With my first book, After the Dream, I started with the angle of tragedy and pain. I started with my spiritual healing and insights and built a story around it. I wasn't so much trying to tack a story on an agenda. That kind of story is thin and preachy. I was trying to show my own pain through metaphors, through the safe veneer of fiction. The morals and meanings did not have to be tacked on. They were at the core of the story.
Now, with my second novel, Pigs Fly, I have some spiritual content mixed in with a good story. But I started with the characters and then the story, not the meaning. Now, I'm going the reverse route and trying to weave meaning into a complete story. The thing is I don't want the meaning to feel tacked on. I want it to feel like an intrinsic piece of the story.
Now, there are thin stories that are merely a vessel, an excuse to preach. That's what "The Last Mimsy," "Golden Compass," and "Pinocchio" appear to be to me. The stories fall flat because they're more about the moral than they are about the story. That, for me, is a problem. However, there are so many stories that are all about story with little meaning or significance past the story.

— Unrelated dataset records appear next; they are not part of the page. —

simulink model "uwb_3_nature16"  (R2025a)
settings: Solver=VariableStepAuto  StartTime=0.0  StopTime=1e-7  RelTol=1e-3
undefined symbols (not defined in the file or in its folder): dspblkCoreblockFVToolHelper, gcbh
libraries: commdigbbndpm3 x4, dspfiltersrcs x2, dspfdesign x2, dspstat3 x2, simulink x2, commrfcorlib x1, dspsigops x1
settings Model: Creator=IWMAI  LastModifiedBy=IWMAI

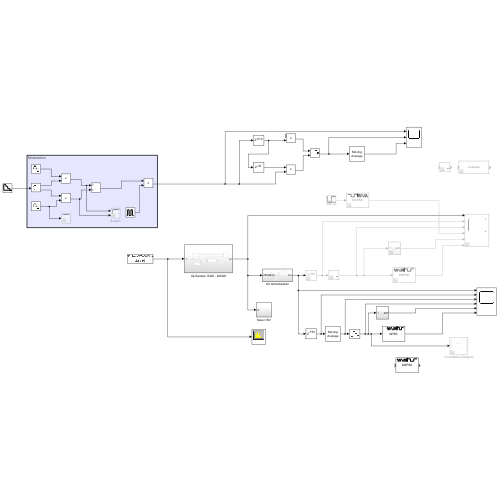
[thumbnail: Simulink's stored preview of the top-level diagram]
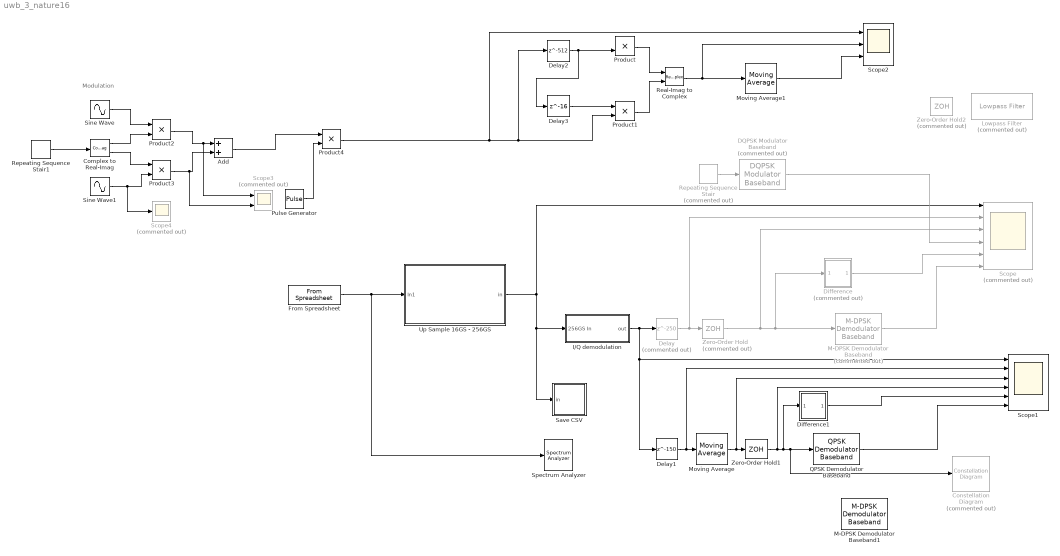
== system uwb_3_nature16 ==
  note: Modulation
  Add : Sum
  Complex to Real-Imag : ComplexToRealImag
  Constellation Diagram : ConstellationDiagram  Commented=on  WindowPosition=[724.000000,276.000000,600.000000,600.000000,]  ScopeFrameLocation=window  SymbolsToDisplaySource=Property  SymbolsToDisplay=2500  DefaultConfigurationName=comm.scopes.ConstellationDiagramBlockCfg
  DQPSK Modulator Baseband : commdigbbndpm3/DQPSK Modulator Baseband  Commented=on  InType=Integer  Enc=Gray  Ph=0  outDtype=double
  Delay : Delay  Commented=on  DelayLength=250
  Delay1 : Delay  DelayLength=150
  Delay2 : Delay  DelayLength=512
  Delay3 : Delay  DelayLength=16
  Difference : Subsystem  Commented=on
  Difference1 : Subsystem
  From Spreadsheet : FromSpreadsheet  FileName=C:\Users\IWMAI\University of Toronto\Yu Huang - Summer-2025-sharted\Yongkang\v3_250617\csv\data16.csv  SheetName=data16  OutDataTypeStr=double  SampleTime=1/16e9
  I/Q demodulation : Subsystem
  Lowpass Filter : dspfdesign/Lowpass Filter  Commented=on  FilterType=FIR  DesignForMinimumOrder=on  FilterOrder=50  PassbandFrequency=1/128  StopbandFrequency=1/64  PassbandRipple=0.1  StopbandAttenuation=80  SampleRateMode=Use normalized frequency (0 to 1)  SampleRate=44100  SimulateUsing=Interpreted execution  roundingMode=Floor  coeffsDataTypeStr=fixdt(1,16)
  M-DPSK Demodulator Baseband : commdigbbndpm3/M-DPSK Demodulator Baseband  Commented=on  M=4  OutType=Integer  Dec=Gray  Ph=0  outDtype1=Inherit via internal rule  outDtype2=Inherit via internal rule
  M-DPSK Demodulator Baseband1 : commdigbbndpm3/M-DPSK Demodulator Baseband  M=4  OutType=Integer  Dec=Gray  Ph=0  outDtype1=Inherit via internal rule  outDtype2=Inherit via internal rule
  Moving Average : dspstat3/Moving Average  Method=Sliding window  ForgettingFactorPort=off  SpecifyWindowLength=on  WindowLength=100  OverlapLength=99  AllowArbitraryInputLength=off  ForgettingFactor=0.9  SimulateUsing=Interpreted execution
  Moving Average1 : dspstat3/Moving Average  Method=Sliding window  ForgettingFactorPort=off  SpecifyWindowLength=on  WindowLength=256  OverlapLength=255  AllowArbitraryInputLength=off  ForgettingFactor=0.9  SimulateUsing=Interpreted execution
  Product{,1..4} (5 alike) : Product
  Pulse Generator : DiscretePulseGenerator  PulseType=Time based  Period=1/500e6  PulseWidth=37.5  PhaseDelay=1/256e9  SampleTime=0.000001
  QPSK Demodulator Baseband : commdigbbndpm3/QPSK Demodulator Baseband  OutType=Integer  DecType=Hard decision  VarSource=Dialog  Variance=1  Dec=Binary  Ph=pi/4  outDtype1=Inherit via internal rule  outDtype2=Inherit via internal rule  derotateFactorWordLen=16  derotateFactorDataTypeStr=Inherit: Same word length as input  derotateFactorLastDataTypeStr=Inherit: Same word length as input
      settings: LibrarySourceBlock=|
      | commhdldigbbndpm/QPSK
      | Demodulator
      | Baseband
  Real-Imag to Complex : RealImagToComplex
  Repeating Sequence Stair : simulink/Sources/Repeating Sequence Stair  Commented=on  OutValues=[0 2].'  tsamp=1/500003519.873597  OutMin=[]  OutMax=[]  OutDataTypeStr=double  OutputDataTypeScalingMode=double  OutDataType=fixdt(0,8)  ConRadixGroup=Best Precision: Vector-wise  OutScaling=2^-12
  Repeating Sequence Stair1 : simulink/Sources/Repeating Sequence Stair  OutValues=[3 3 2 2 1 1 0 0].'  tsamp=1/500003519.873597  OutMin=[]  OutMax=[]  OutDataTypeStr=double  OutputDataTypeScalingMode=double  OutDataType=fixdt(0,8)  ConRadixGroup=Best Precision: Vector-wise  OutScaling=2^-12
  Save CSV : Subsystem
  Scope : Scope  Commented=on  NumInputPorts=6
      settings: ActiveDisplayYMinimum=-4.6231372013846705  ActiveDisplayYMaximum=4.7306324654418139
  Scope1 : Scope  NumInputPorts=6
      settings: ActiveDisplayYMinimum=-1.8698047125750872  ActiveDisplayYMaximum=3.6095755689182307  DataLoggingVariableName=ScopeData3
  Scope2 : Scope  NumInputPorts=3
      settings: ActiveDisplayYMinimum=-7.8536631620890986  ActiveDisplayYMaximum=6.9997378876221186  DataLoggingVariableName=ScopeData2
  Scope3 : Scope  Commented=on  NumInputPorts=2
      settings: ActiveDisplayYMinimum=-1  ActiveDisplayYMaximum=1  DataLoggingVariableName=ScopeData5
  Scope4 : Scope  Commented=on
      settings: ActiveDisplayYMinimum=-6.9684119114826721  ActiveDisplayYMaximum=6.352909516611934  DataLoggingVariableName=ScopeData4
  Sine Wave : Sin  Frequency=2*pi*4e9  Phase=pi/2  SampleTime=1/256e9
  Sine Wave1 : Sin  Frequency=2*pi*4e9  SampleTime=1/256e9
  Spectrum Analyzer : SpectrumAnalyzer  WindowPosition=[251.000000,-1103.000000,1536.000000,793.000000,]  ScopeFrameLocation=window  WindowInvariantSamplesPerUpdate=on  Span=15999999999.999998  StartFrequency=-7999999999.999999  StopFrequency=7999999999.999999  YLimits=[-138.8302 11.7855]  SelectedToolstripTab=spectrumAnalyzerToolstrip.channelMeasurementsTab
      settings: OpenAtSimulationStart=off
  Up Sample 16GS - 256GS : Subsystem
  Zero-Order Hold : ZeroOrderHold  Commented=on  SampleTime=1/500003519.873597
  Zero-Order Hold1 : ZeroOrderHold  SampleTime=1/500003519.873597
  Zero-Order Hold2 : ZeroOrderHold  Commented=on  SampleTime=-1
  wires:
  From Spreadsheet/1 -> Spectrum Analyzer/1, Up Sample 16GS - 256GS/1(In1)
  I/Q demodulation/1(out) -> Scope1/1, Delay1/1, Delay/1
  Zero-Order Hold/1 -> Scope/3, M-DPSK Demodulator Baseband/1, Difference/1(In1)
  Repeating Sequence Stair/1 -> DQPSK Modulator Baseband/1
  Difference/1(diff) -> Scope/5
  Up Sample 16GS - 256GS/1(in) -> Scope/1, Save CSV/1(in), I/Q demodulation/1(256GS In)
  M-DPSK Demodulator Baseband/1 -> Scope/6
  DQPSK Modulator Baseband/1 -> Scope/4
  Delay/1 -> Scope/2, Zero-Order Hold/1
  Delay1/1 -> Scope1/2, Moving Average/1
  Moving Average/1 -> Scope1/3, Zero-Order Hold1/1
  Zero-Order Hold1/1 -> Scope1/4, Constellation Diagram/1, QPSK Demodulator Baseband/1, Difference1/1(In1)
  Difference1/1(diff) -> Scope1/5
  QPSK Demodulator Baseband/1 -> Scope1/6
  Delay2/1 -> Delay3/1, Product/2
  Delay3/1 -> Product1/1
  Product/1 -> Real-Imag to Complex/1
  Product1/1 -> Real-Imag to Complex/2
  Real-Imag to Complex/1 -> Moving Average1/1, Scope2/2
  Moving Average1/1 -> Scope2/3
  Pulse Generator/1 -> Product4/2
  Complex to Real-Imag/2 -> Product3/1
  Product3/1 -> Scope3/2, Add/2
  Sine Wave1/1 -> Scope4/1, Product3/2
  Add/1 -> Product4/1
  Complex to Real-Imag/1 -> Product2/2
  Product2/1 -> Scope3/1, Add/1
  Sine Wave/1 -> Product2/1
  Repeating Sequence Stair1/1 -> Complex to Real-Imag/1
  Product4/1 -> Scope2/1, Delay2/1, Product1/2

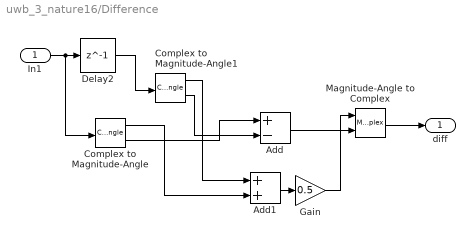
== system uwb_3_nature16/Difference ==
  In1 : Inport
  Add : Sum  Inputs=+-
  Add1 : Sum
  Complex to Magnitude-Angle : ComplexToMagnitudeAngle
  Complex to Magnitude-Angle1 : ComplexToMagnitudeAngle
  Delay2 : Delay  DelayLength=1
  Gain : Gain  Gain=0.5
  Magnitude-Angle to Complex : MagnitudeAngleToComplex
  diff : Outport
  wires:
  Gain/1 -> Magnitude-Angle to Complex/1
  Complex to Magnitude-Angle1/2 -> Add/2
  Add1/1 -> Gain/1
  Add/1 -> Magnitude-Angle to Complex/2
  Complex to Magnitude-Angle/2 -> Add/1
  Magnitude-Angle to Complex/1 -> diff/1
  Complex to Magnitude-Angle/1 -> Add1/2
  Complex to Magnitude-Angle1/1 -> Add1/1
  Delay2/1 -> Complex to Magnitude-Angle1/1
  In1/1 -> Delay2/1, Complex to Magnitude-Angle/1

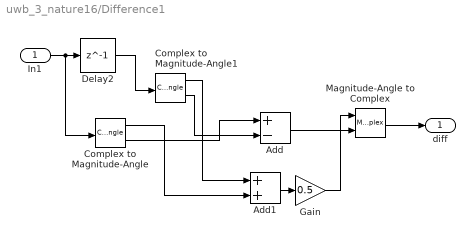
== system uwb_3_nature16/Difference1 ==
  In1 : Inport
  Add : Sum  Inputs=+-
  Add1 : Sum
  Complex to Magnitude-Angle : ComplexToMagnitudeAngle
  Complex to Magnitude-Angle1 : ComplexToMagnitudeAngle
  Delay2 : Delay  DelayLength=1
  Gain : Gain  Gain=0.5
  Magnitude-Angle to Complex : MagnitudeAngleToComplex
  diff : Outport
  wires:
  Gain/1 -> Magnitude-Angle to Complex/1
  Complex to Magnitude-Angle1/2 -> Add/2
  Add1/1 -> Gain/1
  Add/1 -> Magnitude-Angle to Complex/2
  Complex to Magnitude-Angle/2 -> Add/1
  Magnitude-Angle to Complex/1 -> diff/1
  Complex to Magnitude-Angle/1 -> Add1/2
  Complex to Magnitude-Angle1/1 -> Add1/1
  Delay2/1 -> Complex to Magnitude-Angle1/1
  In1/1 -> Delay2/1, Complex to Magnitude-Angle/1

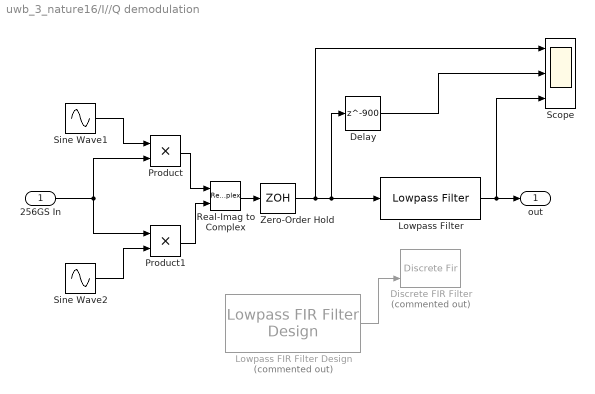
== system uwb_3_nature16/I//Q demodulation ==
  256GS In : Inport
  Delay : Delay  DelayLength=900
  Discrete FIR Filter : DiscreteFir  Commented=on  LoadFcn=dspblkCoreblockFVToolHelper(gcbh,'load');  CoefSource=Input port
      settings: CopyFcn=dspblkCoreblockFVToolHelper(gcbh,'copy');  DeleteFcn=dspblkCoreblockFVToolHelper(gcbh,'close');  ModelCloseFcn=dspblkCoreblockFVToolHelper(gcbh,'close');  PreSaveFcn=dspblkCoreblockFVToolHelper(gcbh,'presave');  PostSaveFcn=dspblkCoreblockFVToolHelper(gcbh,'postsave');  CloseFcn=dspblkCoreblockFVToolHelper(gcbh,'close');  InputPortMap=u0,u1
  Lowpass FIR Filter Design : dspfiltersrcs/Lowpass FIR Filter Design  Commented=on  SmoothParameters=off  SmoothingFactor=0.6  FilterOrderPort=off  FilterOrder=100  MaxOrder=100  CutoffFrequencyPort=off  CutoffFrequency=1/256e9  Window=Hann  SidelobeAttenuationPort=off  SidelobeAttenuation=60  KaiserWindowParameterPort=off  KaiserWindowParameter=.5  OutputDataType=double  SampleTime=1/256e9  SimulateUsing=Interpreted execution
      settings: LibrarySourceBlock=dspfdesign/Lowpass FIR Filter Design
  Lowpass Filter : dspfdesign/Lowpass Filter  FilterType=FIR  DesignForMinimumOrder=on  FilterOrder=50  PassbandFrequency=1/64  StopbandFrequency=1/32  PassbandRipple=0.1  StopbandAttenuation=80  SampleRateMode=Use normalized frequency (0 to 1)  SampleRate=44100  SimulateUsing=Interpreted execution  roundingMode=Floor  coeffsDataTypeStr=fixdt(1,16)
  Product : Product
  Product1 : Product
  Real-Imag to Complex : RealImagToComplex
  Scope : Scope  NumInputPorts=3
      settings: ActiveDisplayYMinimum=-3.8072894106917321  ActiveDisplayYMaximum=4.4801769671043541  DataLoggingVariableName=ScopeData2
  Sine Wave1 : Sin  Frequency=2 * pi * 4e9  Phase=pi/2  SampleTime=0
  Sine Wave2 : Sin  Frequency=2 * pi * 4e9  SampleTime=0
  Zero-Order Hold : ZeroOrderHold  SampleTime=1/256e9
  out : Outport
  wires:
  256GS In/1 -> Product/2, Product1/1
  Sine Wave2/1 -> Product1/2
  Sine Wave1/1 -> Product/1
  Product/1 -> Real-Imag to Complex/1
  Product1/1 -> Real-Imag to Complex/2
  Lowpass FIR Filter Design/1 -> Discrete FIR Filter/2
  Lowpass Filter/1 -> Scope/3, out/1
  Real-Imag to Complex/1 -> Zero-Order Hold/1
  Zero-Order Hold/1 -> Scope/1, Delay/1, Lowpass Filter/1
  Delay/1 -> Scope/2

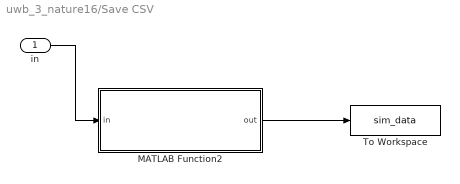
== system uwb_3_nature16/Save CSV ==
  in : Inport
  MATLAB Function2 : MATLAB Function  TreatAsAtomicUnit=on
  To Workspace : ToWorkspace  VariableName=sim_data  SaveFormat=Timeseries  SampleTime=-1
  wires:
  MATLAB Function2/1(out) -> To Workspace/1
  in/1 -> MATLAB Function2/1(in)

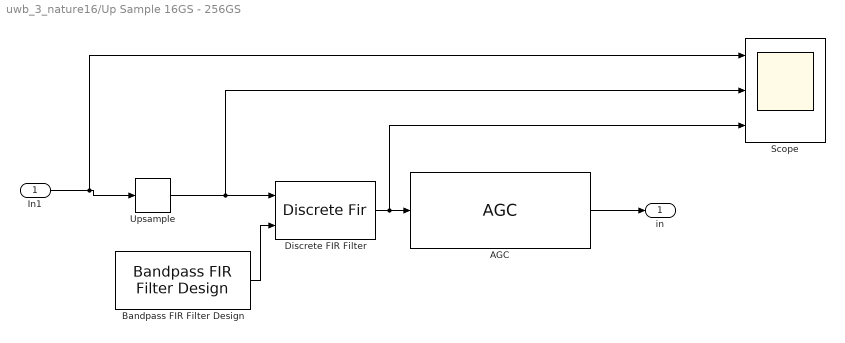
== system uwb_3_nature16/Up Sample 16GS - 256GS ==
  In1 : Inport
  AGC : commrfcorlib/AGC  LegacyMode=off  DetectorMethod=Rectifier  LoopMethod=Linear  UpdatePeriod=100  StepSize=0.1  AdaptationStepSize=0.01  DesiredOutputPower=1  AveragingLength=512  MaximumGain=30  MaxPowerGain=60  GainOutputPort=off  InputPowerOutputPort=off  SimulateUsing=Interpreted execution
  Bandpass FIR Filter Design : dspfiltersrcs/Bandpass FIR Filter Design  SmoothParameters=off  SmoothingFactor=0.6  FilterOrderPort=off  FilterOrder=100  MaxOrder=100  CenterFrequencyPort=off  CenterFrequency=1/64  BandwidthPort=off  Bandwidth=0.01  Window=Hann  SidelobeAttenuationPort=off  SidelobeAttenuation=60  KaiserWindowParameterPort=off  KaiserWindowParameter=.5  OutputDataType=double  SampleTime=256e9  SimulateUsing=Interpreted execution
      settings: LibrarySourceBlock=dspfdesign/Bandpass FIR Filter Design
  Discrete FIR Filter : DiscreteFir  LoadFcn=dspblkCoreblockFVToolHelper(gcbh,'load');  CoefSource=Input port
      settings: CopyFcn=dspblkCoreblockFVToolHelper(gcbh,'copy');  DeleteFcn=dspblkCoreblockFVToolHelper(gcbh,'close');  ModelCloseFcn=dspblkCoreblockFVToolHelper(gcbh,'close');  PreSaveFcn=dspblkCoreblockFVToolHelper(gcbh,'presave');  PostSaveFcn=dspblkCoreblockFVToolHelper(gcbh,'postsave');  CloseFcn=dspblkCoreblockFVToolHelper(gcbh,'close');  InputPortMap=u0,u1
  Scope : Scope  NumInputPorts=3
      settings: ActiveDisplayYMinimum=-0.1766463393208148  ActiveDisplayYMaximum=0.16150855826432609
  Upsample : dspsigops/Upsample  FactorSource=Dialog parameter  N=16  Nmax=16  phase=0  RateOptions=Allow multirate processing  ic=0  mode=Unused parameter value
      settings: LibrarySourceBlock=dsphdlsupportsigops/Upsample
  in : Outport
  wires:
  Upsample/1 -> Scope/2, Discrete FIR Filter/1
  Discrete FIR Filter/1 -> Scope/3, AGC/1
  AGC/1 -> in/1
  Bandpass FIR Filter Design/1 -> Discrete FIR Filter/2
  In1/1 -> Scope/1, Upsample/1

== matlab function uwb_3_nature16/Save CSV/MATLAB Function2 ==
  data: in input; out output
function out = save_csv(in)
%#codegen
% This function processes one sample at a time.
% To store data across simulation steps, you need to use persistent variables.

persistent data_buffer;
persistent index_counter;

if isempty(data_buffer)
    % Initialize buffer and counter when simulation starts or resets
    data_buffer = zeros(0, 2); % Column 1 for index, Column 2 for data
    index_counter = 0;
end

% Increment index and store current sample
index_counter = index_counter + 1;
data_buffer = [data_buffer; index_counter, in];

% Output the current sample (or anything else you need downstream)
out = in;

% You can add logic here to write to CSV periodically,
% but it's generally better to do it after simulation.
% For this method, we'll let 'To Workspace' handle saving.

% At the end of simulation, the persistent variables will be cleared unless
% you explicitly save them or access them from the base workspace.
% For 'To Workspace' method, it's about the *output* of this block.
end

I would like to hit a balance between the two, where I employ meaning in my story or employ story in my meanings. I just fear that because I started with the story in this case and almost entirely left out the meaning until I have a first draft, any meaning I add will feel tacked on. The whole reason I'm writing right now is to share meaning along with story, not just one or the other. I guess I'll keep that in mind as I proceed with revision.